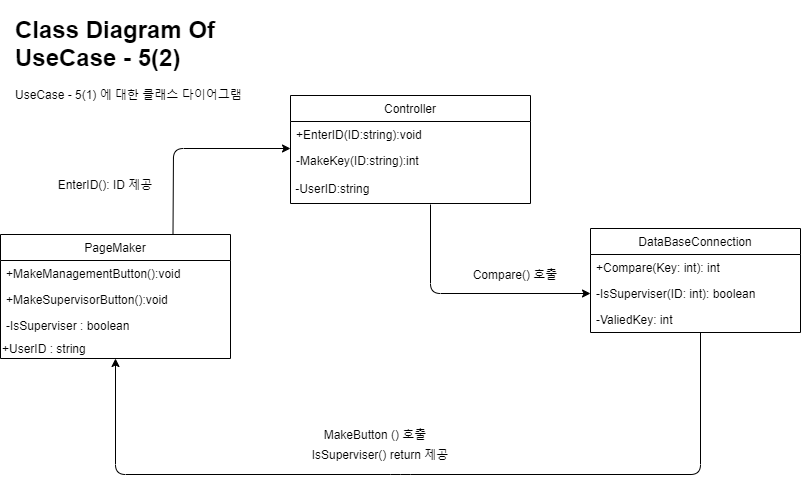

The diagram above was exported from draw.io. Its source (the exported page's mxGraphModel, read from the mxfile embedded in the PNG):
<mxGraphModel dx="1422" dy="822" grid="1" gridSize="10" guides="1" tooltips="1" connect="1" arrows="1" fold="1" page="1" pageScale="1" pageWidth="827" pageHeight="1169" math="0" shadow="0">
  <root>
    <mxCell id="HGVQJaRFcXnkpYrnlkQ8-0" />
    <mxCell id="HGVQJaRFcXnkpYrnlkQ8-1" parent="HGVQJaRFcXnkpYrnlkQ8-0" />
    <mxCell id="TehZnQp1zwzeHS_BjmJo-0" value="&lt;h1&gt;Class Diagram Of UseCase - 5(2)&lt;/h1&gt;&lt;p&gt;UseCase - 5(1) 에 대한 클래스 다이어그램&lt;/p&gt;" style="text;html=1;strokeColor=none;fillColor=none;spacing=5;spacingTop=-20;whiteSpace=wrap;overflow=hidden;rounded=0;" vertex="1" parent="HGVQJaRFcXnkpYrnlkQ8-1">
      <mxGeometry x="20" y="96" width="260" height="120" as="geometry" />
    </mxCell>
    <mxCell id="TehZnQp1zwzeHS_BjmJo-1" value="Controller" style="swimlane;fontStyle=0;childLayout=stackLayout;horizontal=1;startSize=26;fillColor=none;horizontalStack=0;resizeParent=1;resizeParentMax=0;resizeLast=0;collapsible=1;marginBottom=0;" vertex="1" parent="HGVQJaRFcXnkpYrnlkQ8-1">
      <mxGeometry x="300" y="181" width="240" height="108" as="geometry" />
    </mxCell>
    <mxCell id="TehZnQp1zwzeHS_BjmJo-2" value="+EnterID(ID:string):void" style="text;strokeColor=none;fillColor=none;align=left;verticalAlign=top;spacingLeft=4;spacingRight=4;overflow=hidden;rotatable=0;points=[[0,0.5],[1,0.5]];portConstraint=eastwest;" vertex="1" parent="TehZnQp1zwzeHS_BjmJo-1">
      <mxGeometry y="26" width="240" height="26" as="geometry" />
    </mxCell>
    <mxCell id="TehZnQp1zwzeHS_BjmJo-3" value="-MakeKey(ID:string):int" style="text;strokeColor=none;fillColor=none;align=left;verticalAlign=top;spacingLeft=4;spacingRight=4;overflow=hidden;rotatable=0;points=[[0,0.5],[1,0.5]];portConstraint=eastwest;" vertex="1" parent="TehZnQp1zwzeHS_BjmJo-1">
      <mxGeometry y="52" width="240" height="26" as="geometry" />
    </mxCell>
    <mxCell id="FPs15yirYqblk7tqQnID-0" value="&amp;nbsp;-UserID:string" style="text;html=1;strokeColor=none;fillColor=none;align=left;verticalAlign=middle;whiteSpace=wrap;rounded=0;" vertex="1" parent="TehZnQp1zwzeHS_BjmJo-1">
      <mxGeometry y="78" width="240" height="30" as="geometry" />
    </mxCell>
    <mxCell id="TehZnQp1zwzeHS_BjmJo-7" value="DataBaseConnection" style="swimlane;fontStyle=0;childLayout=stackLayout;horizontal=1;startSize=26;fillColor=none;horizontalStack=0;resizeParent=1;resizeParentMax=0;resizeLast=0;collapsible=1;marginBottom=0;" vertex="1" parent="HGVQJaRFcXnkpYrnlkQ8-1">
      <mxGeometry x="600" y="314" width="210" height="104" as="geometry" />
    </mxCell>
    <mxCell id="TehZnQp1zwzeHS_BjmJo-8" value="+Compare(Key: int): int" style="text;strokeColor=none;fillColor=none;align=left;verticalAlign=top;spacingLeft=4;spacingRight=4;overflow=hidden;rotatable=0;points=[[0,0.5],[1,0.5]];portConstraint=eastwest;" vertex="1" parent="TehZnQp1zwzeHS_BjmJo-7">
      <mxGeometry y="26" width="210" height="26" as="geometry" />
    </mxCell>
    <mxCell id="TehZnQp1zwzeHS_BjmJo-9" value="-IsSuperviser(ID: int): boolean" style="text;strokeColor=none;fillColor=none;align=left;verticalAlign=top;spacingLeft=4;spacingRight=4;overflow=hidden;rotatable=0;points=[[0,0.5],[1,0.5]];portConstraint=eastwest;" vertex="1" parent="TehZnQp1zwzeHS_BjmJo-7">
      <mxGeometry y="52" width="210" height="26" as="geometry" />
    </mxCell>
    <mxCell id="TehZnQp1zwzeHS_BjmJo-10" value="-ValiedKey: int" style="text;strokeColor=none;fillColor=none;align=left;verticalAlign=top;spacingLeft=4;spacingRight=4;overflow=hidden;rotatable=0;points=[[0,0.5],[1,0.5]];portConstraint=eastwest;" vertex="1" parent="TehZnQp1zwzeHS_BjmJo-7">
      <mxGeometry y="78" width="210" height="26" as="geometry" />
    </mxCell>
    <mxCell id="TehZnQp1zwzeHS_BjmJo-11" value="PageMaker" style="swimlane;fontStyle=0;childLayout=stackLayout;horizontal=1;startSize=26;fillColor=none;horizontalStack=0;resizeParent=1;resizeParentMax=0;resizeLast=0;collapsible=1;marginBottom=0;" vertex="1" parent="HGVQJaRFcXnkpYrnlkQ8-1">
      <mxGeometry x="10" y="320" width="230" height="124" as="geometry" />
    </mxCell>
    <mxCell id="TehZnQp1zwzeHS_BjmJo-12" value="+MakeManagementButton():void" style="text;strokeColor=none;fillColor=none;align=left;verticalAlign=top;spacingLeft=4;spacingRight=4;overflow=hidden;rotatable=0;points=[[0,0.5],[1,0.5]];portConstraint=eastwest;" vertex="1" parent="TehZnQp1zwzeHS_BjmJo-11">
      <mxGeometry y="26" width="230" height="26" as="geometry" />
    </mxCell>
    <mxCell id="TehZnQp1zwzeHS_BjmJo-13" value="+MakeSupervisorButton():void" style="text;strokeColor=none;fillColor=none;align=left;verticalAlign=top;spacingLeft=4;spacingRight=4;overflow=hidden;rotatable=0;points=[[0,0.5],[1,0.5]];portConstraint=eastwest;" vertex="1" parent="TehZnQp1zwzeHS_BjmJo-11">
      <mxGeometry y="52" width="230" height="26" as="geometry" />
    </mxCell>
    <mxCell id="TehZnQp1zwzeHS_BjmJo-6" value="-IsSuperviser : boolean" style="text;strokeColor=none;fillColor=none;align=left;verticalAlign=top;spacingLeft=4;spacingRight=4;overflow=hidden;rotatable=0;points=[[0,0.5],[1,0.5]];portConstraint=eastwest;" vertex="1" parent="TehZnQp1zwzeHS_BjmJo-11">
      <mxGeometry y="78" width="230" height="26" as="geometry" />
    </mxCell>
    <mxCell id="TehZnQp1zwzeHS_BjmJo-14" value="+UserID : string" style="text;html=1;strokeColor=none;fillColor=none;align=left;verticalAlign=middle;whiteSpace=wrap;rounded=0;" vertex="1" parent="TehZnQp1zwzeHS_BjmJo-11">
      <mxGeometry y="104" width="230" height="20" as="geometry" />
    </mxCell>
    <mxCell id="TehZnQp1zwzeHS_BjmJo-15" value="EnterID(): ID 제공&lt;br&gt;" style="text;html=1;strokeColor=none;fillColor=none;align=center;verticalAlign=middle;whiteSpace=wrap;rounded=0;" vertex="1" parent="HGVQJaRFcXnkpYrnlkQ8-1">
      <mxGeometry x="50" y="260" width="130" height="20" as="geometry" />
    </mxCell>
    <mxCell id="TehZnQp1zwzeHS_BjmJo-16" value="" style="endArrow=classic;html=1;exitX=0.75;exitY=0;exitDx=0;exitDy=0;" edge="1" parent="HGVQJaRFcXnkpYrnlkQ8-1" source="TehZnQp1zwzeHS_BjmJo-11">
      <mxGeometry width="50" height="50" relative="1" as="geometry">
        <mxPoint x="250" y="284" as="sourcePoint" />
        <mxPoint x="300" y="234" as="targetPoint" />
        <Array as="points">
          <mxPoint x="183" y="234" />
        </Array>
      </mxGeometry>
    </mxCell>
    <mxCell id="TehZnQp1zwzeHS_BjmJo-19" value="MakeButton () 호출" style="text;html=1;strokeColor=none;fillColor=none;align=center;verticalAlign=middle;whiteSpace=wrap;rounded=0;" vertex="1" parent="HGVQJaRFcXnkpYrnlkQ8-1">
      <mxGeometry x="320" y="510" width="130" height="20" as="geometry" />
    </mxCell>
    <mxCell id="TehZnQp1zwzeHS_BjmJo-21" value="Compare() 호출" style="text;html=1;strokeColor=none;fillColor=none;align=center;verticalAlign=middle;whiteSpace=wrap;rounded=0;" vertex="1" parent="HGVQJaRFcXnkpYrnlkQ8-1">
      <mxGeometry x="470" y="350" width="110" height="20" as="geometry" />
    </mxCell>
    <mxCell id="TehZnQp1zwzeHS_BjmJo-22" value="IsSuperviser() return 제공" style="text;html=1;strokeColor=none;fillColor=none;align=center;verticalAlign=middle;whiteSpace=wrap;rounded=0;" vertex="1" parent="HGVQJaRFcXnkpYrnlkQ8-1">
      <mxGeometry x="320" y="530" width="140" height="20" as="geometry" />
    </mxCell>
    <mxCell id="1kWaSupakAWgAnCKVJzY-0" value="" style="endArrow=classic;html=1;entryX=0.5;entryY=1;entryDx=0;entryDy=0;" edge="1" parent="HGVQJaRFcXnkpYrnlkQ8-1" target="TehZnQp1zwzeHS_BjmJo-14">
      <mxGeometry width="50" height="50" relative="1" as="geometry">
        <mxPoint x="710" y="418" as="sourcePoint" />
        <mxPoint x="610" y="400" as="targetPoint" />
        <Array as="points">
          <mxPoint x="710" y="560" />
          <mxPoint x="410" y="560" />
          <mxPoint x="125" y="560" />
        </Array>
      </mxGeometry>
    </mxCell>
    <mxCell id="1kWaSupakAWgAnCKVJzY-1" value="" style="endArrow=classic;html=1;entryX=0;entryY=0.5;entryDx=0;entryDy=0;" edge="1" parent="HGVQJaRFcXnkpYrnlkQ8-1" target="TehZnQp1zwzeHS_BjmJo-9">
      <mxGeometry width="50" height="50" relative="1" as="geometry">
        <mxPoint x="440" y="290" as="sourcePoint" />
        <mxPoint x="610" y="400" as="targetPoint" />
        <Array as="points">
          <mxPoint x="440" y="379" />
        </Array>
      </mxGeometry>
    </mxCell>
  </root>
</mxGraphModel>

————————

*What the task requires*
Tally the lines in these entries that have the string "mxPoint" in them, then answer with the count and nothing else.

*Exercise result*
11